The important thing is that it needs to be consensual and your partner needs to feel loved by it. If you like it and are happy, God says, He is okay with it too.
Find out what you like
Even if you think you know what you like when it comes to sex, it’s worth exploring a bit more. You might be surprised to find out that there are things you will come to enjoy that you never imagined before you tried them.
Everyone’s body is different, so you may need to explore each other tenderly to find out what works best for you. Don’t be afraid to experiment or ‘go there’!
If you both want different amounts of sex
This happens in many relationships. Losing the desire to have sex can happen for a number of reasons, such as getting older, illness, having children or worries about work, money or the relationship itself.

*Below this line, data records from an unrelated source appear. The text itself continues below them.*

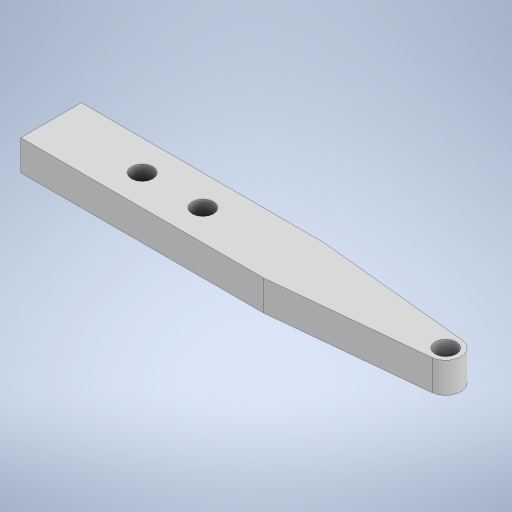
# Autodesk Inventor part: 4-bar intake block
Saved by Autodesk Inventor 2023 (Build 270158030, 158C)
## iProperties
Created: 2022-07-18
Part Number: 4-bar intake block
Material: Generic
Document SubType Name: Modeling
Designer: kt1040502
Density: 1 g/cm^3
Appearance: Default
Author: kt1040502
Autodesk Inventor part; units mm, degrees
ref_plane "YZ Plane" through (0, 0, 0) normal (1, 0, 0) x (0, 1, 0)
ref_plane "XZ Plane" through (0, 0, 0) normal (0, 1, 0) x (-1, 0, 0)
ref_plane "XY Plane" through (0, 0, 0) normal (0, 0, 1) x (1, 0, 0)
sketch "Sketch1" plane through (0, 0, 0) normal (0, 1, 0) x (-1, 0, 0)
  line L0 (0, 0) -> (-203.2, 0)
  line L1 (0, 25.4) -> (-76.2, 25.4) construction
  line L2 (-203.2, 25.4) -> (-127, 25.4) construction
  line L3 (-127, 25.4) -> (-330.2, 25.4)
  circle A0 centre (-330.2, 25.4) radius 12.7
  circle A1 centre (-76.2, 25.4) radius 8.89
  circle A2 centre (-127, 25.4) radius 8.89
  line L4 (0, 0) -> (-203.2, 0)
  line L5 (-203.2, 50.8) -> (0, 50.8)
  line L6 (0, 50.8) -> (0, 0)
  line L7 (-203.2, 50.8) -> (-331.4575, 38.0376)
  line L8 (-203.2, 0) -> (-331.4575, 12.7624)
  circle A3 centre (-330.2, 25.4) radius 8.89
  dimension "d2" = 76.2
  dimension "d3" = 76.2
  dimension "d8" = 203.2
  dimension "d9" = 25.4
  dimension "d10" = 17.78
  dimension "d11" = 17.78
  dimension "d12" = 50.8
  dimension "d13" = 17.78
  constraints: 18 end point, 5 coincident, 5 horizontal, 4 centre point, 2 point on circle, 2 tangent, 1 parallel
  measures "d2" distance of L1.start L1.end
  measures "d3" distance of L2.start L2.end
  measures "d8" distance of L3.start L3.end
  measures "d9" diameter of A0
  measures "d10" diameter of A1
  measures "d11" diameter of A2
  measures "d12" distance of L4.end L5.start
  measures "d13" diameter of A3
extrude "Extrusion1" add sketch "Sketch1" along normal blind 25.4
body "Solid1"

Be open about how you're feeling. Explore why you want less sex, and how it makes you both feel. If one partner has a higher sex drive than the other, work out how to manage it within the relationship.
I don’t personally advise masturbation or sex toys, as they don’t strike me as natural, but I understand why some couples would be happy to give their partner that kind of pleasure if they don’t feel able to accommodate full intercourse as often as they would have liked to. In the end, it’s nobody’s business but yours.
Sex is often more of a sacrifice for one partner than it is for the other. But so are many other aspects of marriage. If you are willing to make these sacrifices for your spouse, he/she is more likely to sacrifice for you or reciprocate in other areas of the marriage.
But even if your partner doesn’t reciprocate or match your sacrifices, you will know that you have played your role in the marriage with honour and dignity. God too will know; and He will reward you in ways that will blow your mind. That’s a promise!